Guardrails in VCF Automation 9.1

When we talk about private cloud, we often end up talking about automation.

That makes sense. Nobody wants to build a cloud platform where every request still ends up as a ticket, a manual change, and a meeting. Self-service is part of the point.

But self-service without guardrails is not really cloud. It is delegated infrastructure access with a nicer user interface.

That is why I think this is one of the more interesting parts of VMware Cloud Foundation 9.1 and VCF Automation. Users can request virtual machines, namespaces, VKS clusters, networks, and other services, but the platform team can also define the boundaries around that consumption up front.

Who can consume what?
Where can workloads land?
How much can a tenant consume?
Which networks can they attach to?
When should temporary workloads disappear again?

Those boundaries are what I mean by guardrails in this context.

In this article I am focusing on the All Apps organization model in VCF Automation. That is the model built around vSphere Supervisor, regions, region quotas, projects, namespaces, namespace classes, VPCs, and the IaaS services used to consume VMs and Kubernetes-based services. I am not trying to cover the VM Apps organization model or the older Aria Automation-style consumption model here.

Guardrails are not a single feature

It is tempting to look for a specific feature in VCF Automation called “guardrails”. I do not think that is the right way to look at it.

The guardrails are really the result of how the platform model is put together. Organizations, regions, quotas, projects, namespaces, namespace classes, VPCs, catalog items, policies, identity, and extensibility all contribute in different ways.

Some of this becomes hard limits. Some of it becomes access control. Some of it becomes lifecycle management or placement control. And some of it is simply about giving users sensible defaults instead of making every request a small design exercise.

That last part is easy to underestimate. A shared platform should not rely on every consumer understanding the full architecture. It should encode enough of the architecture so that normal users can consume services without constantly stepping outside the intended design.

Layered guardrails model for VCF Automation 9.1 All Apps

Guardrails in the VCF Automation 9.1 All Apps model, shown as layered platform controls.

The organization is the tenant boundary

At the top of the All Apps consumption model we have the organization.

An organization can represent a tenant, a customer, a department, a line of business, or some other administrative boundary. Exactly what it represents depends on the environment.

In an enterprise, I would not automatically create an organization per application team. That would probably create too much overhead. I would rather use organizations for larger boundaries where identity, quota, catalog, networking, and governance need to be separated.

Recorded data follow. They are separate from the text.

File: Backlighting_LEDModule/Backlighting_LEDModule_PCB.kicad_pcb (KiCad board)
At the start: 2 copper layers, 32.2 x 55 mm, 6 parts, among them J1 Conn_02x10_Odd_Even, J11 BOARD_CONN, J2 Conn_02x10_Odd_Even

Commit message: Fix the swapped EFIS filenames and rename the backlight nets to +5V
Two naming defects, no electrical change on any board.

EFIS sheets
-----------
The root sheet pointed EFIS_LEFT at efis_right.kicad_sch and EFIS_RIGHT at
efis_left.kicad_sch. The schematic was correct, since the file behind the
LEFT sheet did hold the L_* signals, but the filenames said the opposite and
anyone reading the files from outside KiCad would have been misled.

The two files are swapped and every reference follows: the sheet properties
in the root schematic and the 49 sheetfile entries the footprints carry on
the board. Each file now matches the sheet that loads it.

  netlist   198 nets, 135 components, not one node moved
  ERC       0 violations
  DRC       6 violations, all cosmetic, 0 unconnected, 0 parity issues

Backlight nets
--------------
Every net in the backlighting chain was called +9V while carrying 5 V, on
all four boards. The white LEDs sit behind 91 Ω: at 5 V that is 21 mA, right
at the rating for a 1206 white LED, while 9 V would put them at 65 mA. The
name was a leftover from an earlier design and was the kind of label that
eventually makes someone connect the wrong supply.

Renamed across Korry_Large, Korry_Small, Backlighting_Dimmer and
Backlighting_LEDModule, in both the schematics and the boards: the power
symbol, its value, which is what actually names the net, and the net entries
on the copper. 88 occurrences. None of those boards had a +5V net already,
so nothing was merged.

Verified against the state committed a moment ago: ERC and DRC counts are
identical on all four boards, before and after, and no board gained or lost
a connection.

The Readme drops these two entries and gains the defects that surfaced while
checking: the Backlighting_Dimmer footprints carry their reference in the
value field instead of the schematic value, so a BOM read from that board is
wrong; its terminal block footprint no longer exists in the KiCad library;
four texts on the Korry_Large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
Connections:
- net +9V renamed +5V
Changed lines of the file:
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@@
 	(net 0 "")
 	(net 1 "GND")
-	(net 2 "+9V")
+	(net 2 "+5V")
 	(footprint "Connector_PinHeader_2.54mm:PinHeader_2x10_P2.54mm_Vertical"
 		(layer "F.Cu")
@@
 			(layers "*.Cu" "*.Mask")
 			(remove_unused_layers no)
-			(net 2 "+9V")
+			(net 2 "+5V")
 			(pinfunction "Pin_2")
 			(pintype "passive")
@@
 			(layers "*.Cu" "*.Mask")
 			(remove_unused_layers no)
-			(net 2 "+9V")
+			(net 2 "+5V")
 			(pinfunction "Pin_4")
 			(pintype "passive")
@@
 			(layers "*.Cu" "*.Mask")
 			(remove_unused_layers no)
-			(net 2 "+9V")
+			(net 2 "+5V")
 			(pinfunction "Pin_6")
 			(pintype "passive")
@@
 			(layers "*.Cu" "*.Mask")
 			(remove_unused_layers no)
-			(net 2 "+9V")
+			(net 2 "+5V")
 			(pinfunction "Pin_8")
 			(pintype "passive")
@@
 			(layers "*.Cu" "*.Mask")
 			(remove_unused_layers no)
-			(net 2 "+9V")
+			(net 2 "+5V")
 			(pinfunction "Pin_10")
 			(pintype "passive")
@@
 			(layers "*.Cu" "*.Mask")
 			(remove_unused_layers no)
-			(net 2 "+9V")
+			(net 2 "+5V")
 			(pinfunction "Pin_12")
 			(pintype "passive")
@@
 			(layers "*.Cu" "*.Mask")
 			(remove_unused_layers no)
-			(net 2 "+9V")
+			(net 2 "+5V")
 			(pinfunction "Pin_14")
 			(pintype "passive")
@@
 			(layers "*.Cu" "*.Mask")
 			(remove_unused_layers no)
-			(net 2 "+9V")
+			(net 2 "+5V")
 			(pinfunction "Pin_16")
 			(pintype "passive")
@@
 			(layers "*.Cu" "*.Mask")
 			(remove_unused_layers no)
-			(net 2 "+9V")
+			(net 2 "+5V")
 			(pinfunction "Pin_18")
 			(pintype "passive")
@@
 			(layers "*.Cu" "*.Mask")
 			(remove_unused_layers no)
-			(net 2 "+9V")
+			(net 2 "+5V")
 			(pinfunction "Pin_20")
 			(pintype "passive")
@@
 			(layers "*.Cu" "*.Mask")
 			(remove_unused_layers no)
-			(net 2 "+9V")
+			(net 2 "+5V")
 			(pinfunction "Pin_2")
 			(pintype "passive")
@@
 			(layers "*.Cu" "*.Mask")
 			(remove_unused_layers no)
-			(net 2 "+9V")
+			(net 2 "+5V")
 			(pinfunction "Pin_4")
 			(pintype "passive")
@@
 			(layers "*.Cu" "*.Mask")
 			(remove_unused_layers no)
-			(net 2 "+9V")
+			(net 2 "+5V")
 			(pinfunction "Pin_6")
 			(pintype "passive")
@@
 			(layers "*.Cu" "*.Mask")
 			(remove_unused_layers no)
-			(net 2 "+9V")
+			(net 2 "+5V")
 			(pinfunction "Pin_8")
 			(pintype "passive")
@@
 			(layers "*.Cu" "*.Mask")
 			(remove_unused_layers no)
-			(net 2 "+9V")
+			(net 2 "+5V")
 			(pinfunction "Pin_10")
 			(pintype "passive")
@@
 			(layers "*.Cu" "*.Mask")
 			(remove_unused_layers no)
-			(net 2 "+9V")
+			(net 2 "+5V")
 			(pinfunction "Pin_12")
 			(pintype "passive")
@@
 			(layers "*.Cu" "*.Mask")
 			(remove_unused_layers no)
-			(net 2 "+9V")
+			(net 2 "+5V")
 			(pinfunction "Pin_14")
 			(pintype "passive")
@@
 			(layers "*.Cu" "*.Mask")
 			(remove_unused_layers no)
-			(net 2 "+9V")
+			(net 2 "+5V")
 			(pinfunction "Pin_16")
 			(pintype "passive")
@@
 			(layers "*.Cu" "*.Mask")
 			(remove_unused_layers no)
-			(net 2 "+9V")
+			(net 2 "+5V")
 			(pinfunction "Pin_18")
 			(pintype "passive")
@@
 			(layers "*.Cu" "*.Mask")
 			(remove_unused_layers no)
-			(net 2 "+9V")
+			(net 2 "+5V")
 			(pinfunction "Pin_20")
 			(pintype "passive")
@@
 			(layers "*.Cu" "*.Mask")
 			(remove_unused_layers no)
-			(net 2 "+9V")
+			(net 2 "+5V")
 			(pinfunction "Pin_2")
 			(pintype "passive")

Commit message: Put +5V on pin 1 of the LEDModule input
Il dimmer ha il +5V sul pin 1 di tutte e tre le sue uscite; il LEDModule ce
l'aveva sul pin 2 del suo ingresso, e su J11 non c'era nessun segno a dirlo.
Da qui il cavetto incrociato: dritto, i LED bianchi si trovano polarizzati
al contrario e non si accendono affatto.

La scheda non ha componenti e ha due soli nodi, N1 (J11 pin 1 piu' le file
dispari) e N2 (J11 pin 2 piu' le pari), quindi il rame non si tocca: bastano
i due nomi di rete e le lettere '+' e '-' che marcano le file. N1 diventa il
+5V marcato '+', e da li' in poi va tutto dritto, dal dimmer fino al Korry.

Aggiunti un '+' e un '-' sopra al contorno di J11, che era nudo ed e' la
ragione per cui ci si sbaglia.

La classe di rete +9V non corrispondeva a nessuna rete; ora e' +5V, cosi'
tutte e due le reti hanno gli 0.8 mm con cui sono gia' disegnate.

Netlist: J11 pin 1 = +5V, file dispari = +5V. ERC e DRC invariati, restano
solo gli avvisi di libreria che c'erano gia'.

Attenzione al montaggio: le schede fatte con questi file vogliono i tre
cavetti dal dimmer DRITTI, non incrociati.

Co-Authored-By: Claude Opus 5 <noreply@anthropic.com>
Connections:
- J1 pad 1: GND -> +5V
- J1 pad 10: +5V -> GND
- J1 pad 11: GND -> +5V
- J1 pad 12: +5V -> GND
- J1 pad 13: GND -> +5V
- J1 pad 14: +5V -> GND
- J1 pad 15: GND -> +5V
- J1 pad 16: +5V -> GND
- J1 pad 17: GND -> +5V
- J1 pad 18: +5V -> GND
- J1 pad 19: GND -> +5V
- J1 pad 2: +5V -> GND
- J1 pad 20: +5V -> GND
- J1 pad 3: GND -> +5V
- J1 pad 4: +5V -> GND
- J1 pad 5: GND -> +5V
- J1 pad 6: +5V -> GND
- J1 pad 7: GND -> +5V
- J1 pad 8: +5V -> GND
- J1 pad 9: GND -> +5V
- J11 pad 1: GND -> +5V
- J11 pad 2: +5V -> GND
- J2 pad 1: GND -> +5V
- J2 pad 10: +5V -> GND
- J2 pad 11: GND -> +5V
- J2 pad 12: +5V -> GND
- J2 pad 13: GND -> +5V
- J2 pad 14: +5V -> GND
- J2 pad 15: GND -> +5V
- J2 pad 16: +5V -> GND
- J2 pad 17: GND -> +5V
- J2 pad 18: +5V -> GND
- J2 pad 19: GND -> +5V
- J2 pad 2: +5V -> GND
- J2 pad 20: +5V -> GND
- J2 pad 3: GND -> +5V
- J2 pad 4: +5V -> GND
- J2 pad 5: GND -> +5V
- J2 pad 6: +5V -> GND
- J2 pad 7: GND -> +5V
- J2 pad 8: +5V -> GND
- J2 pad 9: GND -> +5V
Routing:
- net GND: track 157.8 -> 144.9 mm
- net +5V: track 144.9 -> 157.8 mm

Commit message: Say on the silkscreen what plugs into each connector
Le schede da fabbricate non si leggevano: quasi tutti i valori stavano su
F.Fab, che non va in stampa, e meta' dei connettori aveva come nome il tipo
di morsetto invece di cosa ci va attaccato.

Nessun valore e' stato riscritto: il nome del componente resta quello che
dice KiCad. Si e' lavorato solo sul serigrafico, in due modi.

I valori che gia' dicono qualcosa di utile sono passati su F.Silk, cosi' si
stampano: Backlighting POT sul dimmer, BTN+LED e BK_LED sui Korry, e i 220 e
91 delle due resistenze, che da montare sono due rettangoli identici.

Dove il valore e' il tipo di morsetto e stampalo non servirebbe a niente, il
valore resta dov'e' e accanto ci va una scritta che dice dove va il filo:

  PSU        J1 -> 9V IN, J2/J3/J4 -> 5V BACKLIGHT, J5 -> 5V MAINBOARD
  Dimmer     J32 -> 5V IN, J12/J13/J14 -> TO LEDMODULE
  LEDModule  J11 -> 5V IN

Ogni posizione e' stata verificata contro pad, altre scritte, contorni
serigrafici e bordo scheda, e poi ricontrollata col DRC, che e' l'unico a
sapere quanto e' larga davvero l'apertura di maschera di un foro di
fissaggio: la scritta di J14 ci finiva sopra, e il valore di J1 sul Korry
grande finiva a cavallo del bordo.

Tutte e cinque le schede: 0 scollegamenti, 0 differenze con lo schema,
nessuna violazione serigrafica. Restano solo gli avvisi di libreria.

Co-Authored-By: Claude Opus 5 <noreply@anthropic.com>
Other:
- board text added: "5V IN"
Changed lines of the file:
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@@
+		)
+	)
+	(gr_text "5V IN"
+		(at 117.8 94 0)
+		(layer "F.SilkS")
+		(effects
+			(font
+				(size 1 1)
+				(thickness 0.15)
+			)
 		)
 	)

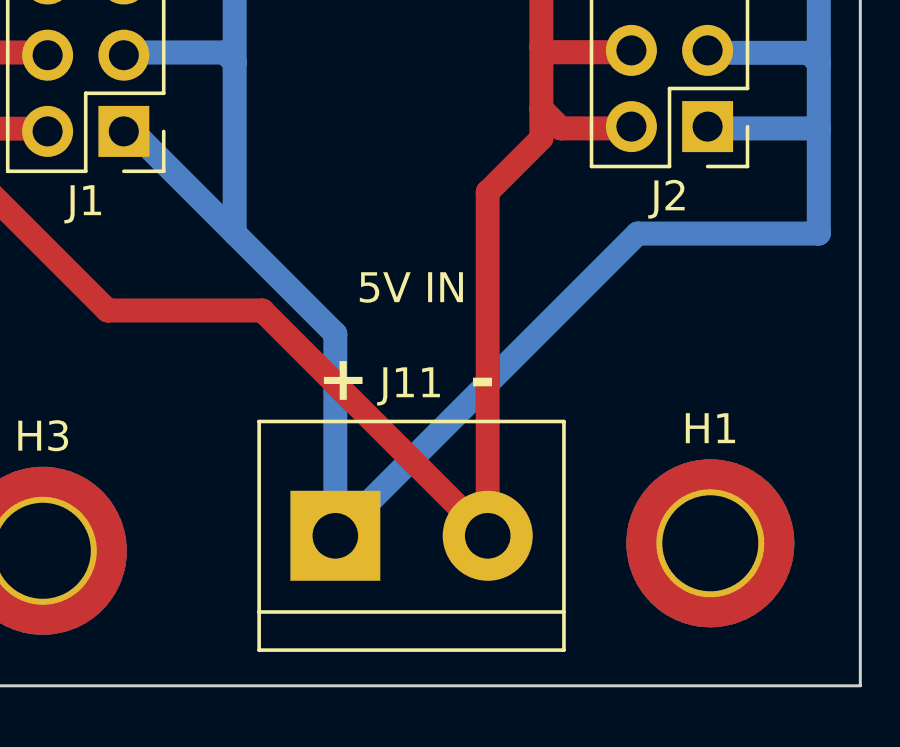
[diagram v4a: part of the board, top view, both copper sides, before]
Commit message: Use the same terminal block everywhere
Le due schede backlighting stavano su TerminalBlock_bornier-2_P5.08mm, che
la libreria KiCad 10 non ha piu'. Il morsetto e' lo stesso che sta su PSU e
mainboard, quindi ora lo e' anche nei file: Phoenix PT-1,5-2-5.0-H, su
J12, J13, J14 e J32 del dimmer e su J11 del LEDModule.

Cosa cambia nel rame: passo 5.08 -> 5.00, pad 3.0 -> 2.6, foro 1.52 -> 1.30.
Gli 8 centesimi di passo non li sente nessuno; il foro piu' stretto e' la
misura giusta per quel morsetto.

Il corpo Phoenix e' pero' 1.64 mm piu' profondo del bornier, e questo si
sente:
 - J12, J13 e J14 arrivavano a 0.04 mm dal courtyard dei fori di fissaggio.
   Alzati di un decimo;
 - J32 e J11 stavano a filo del bordo scheda col vecchio corpo e col nuovo
   sporgevano. Rientrati, J11 esattamente dove stava prima la sua faccia
   esterna;
 - le estremita' delle piste sono state riagganciate ai nuovi centri dei
   pad, 13 in tutto, invece di lasciarle fuori centro;
 - le tre scritte TO LEDMODULE non ci stavano piu' sopra ai morsetti: una
   sola sotto alla fila, che sono tre uscite identiche.

Resta un solo avviso sul dimmer, ed e' geometria, non una svista: il
disegno dell'imbocco filo di J32 sfiora il bordo scheda a 0.02 mm. Per
rientrare J32 dovrebbe scendere, ma sotto ha C4 a 0.04 mm dal suo
courtyard: la finestra utile e' alta 10.49 mm per un corpo da 10. Tenuto
l'errore di courtyard risolto e lasciato l'avviso serigrafico, che vuol dire
solo che un pezzetto di inchiostro viene tagliato al bordo.

I problemi noti sono ora vuoti. Le zone delle due schede sono da riempire.

Co-Authored-By: Claude Opus 5 <noreply@anthropic.com>
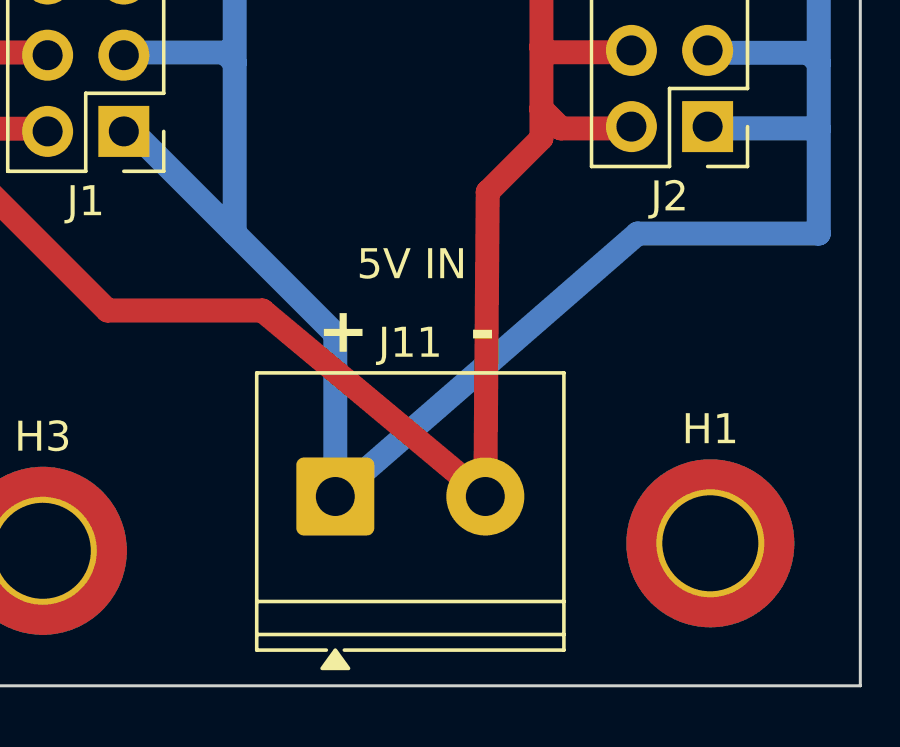
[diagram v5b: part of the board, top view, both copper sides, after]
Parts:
- J11: footprint TerminalBlock:TerminalBlock_bornier-2_P5.08mm -> TerminalBlock_Phoenix:TerminalBlock_Phoenix_PT-1,5-2-5.0-H_1x02_P5.00mm_Horizontal
- moved J11 1.31 mm to (115.2, 100.9)
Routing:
- net GND: track 144.9 -> 142.7 mm
- net +5V: track 157.8 -> 155.6 mm

In a service provider or internal platform provider model, the mapping is more obvious. One organization can represent one customer, agency, department, or tenant.

The key point is that the organization becomes the first real consumption boundary. It groups users, policies, resources, services, catalog entities, and access control.

This is also where VCF 9 starts to feel less like infrastructure with automation added on the side, and more like an actual platform model. The provider is not just handing consumers access to vCenter and NSX objects, but exposing more controlled abstractions through VCF Automation.

Regions and quotas define what can be consumed

A region in VCF Automation represents a collection of infrastructure resources. In practice, it maps to one or more Supervisor-enabled clusters and provides compute, memory, storage, and networking capacity.

The region by itself does not give an organization access to anything. That access is controlled through a region quota. The quota defines how much of the region an organization can consume, but also which capabilities are available. CPU and memory limits, reservations, VM classes, storage classes, storage limits, and zones are all part of the model.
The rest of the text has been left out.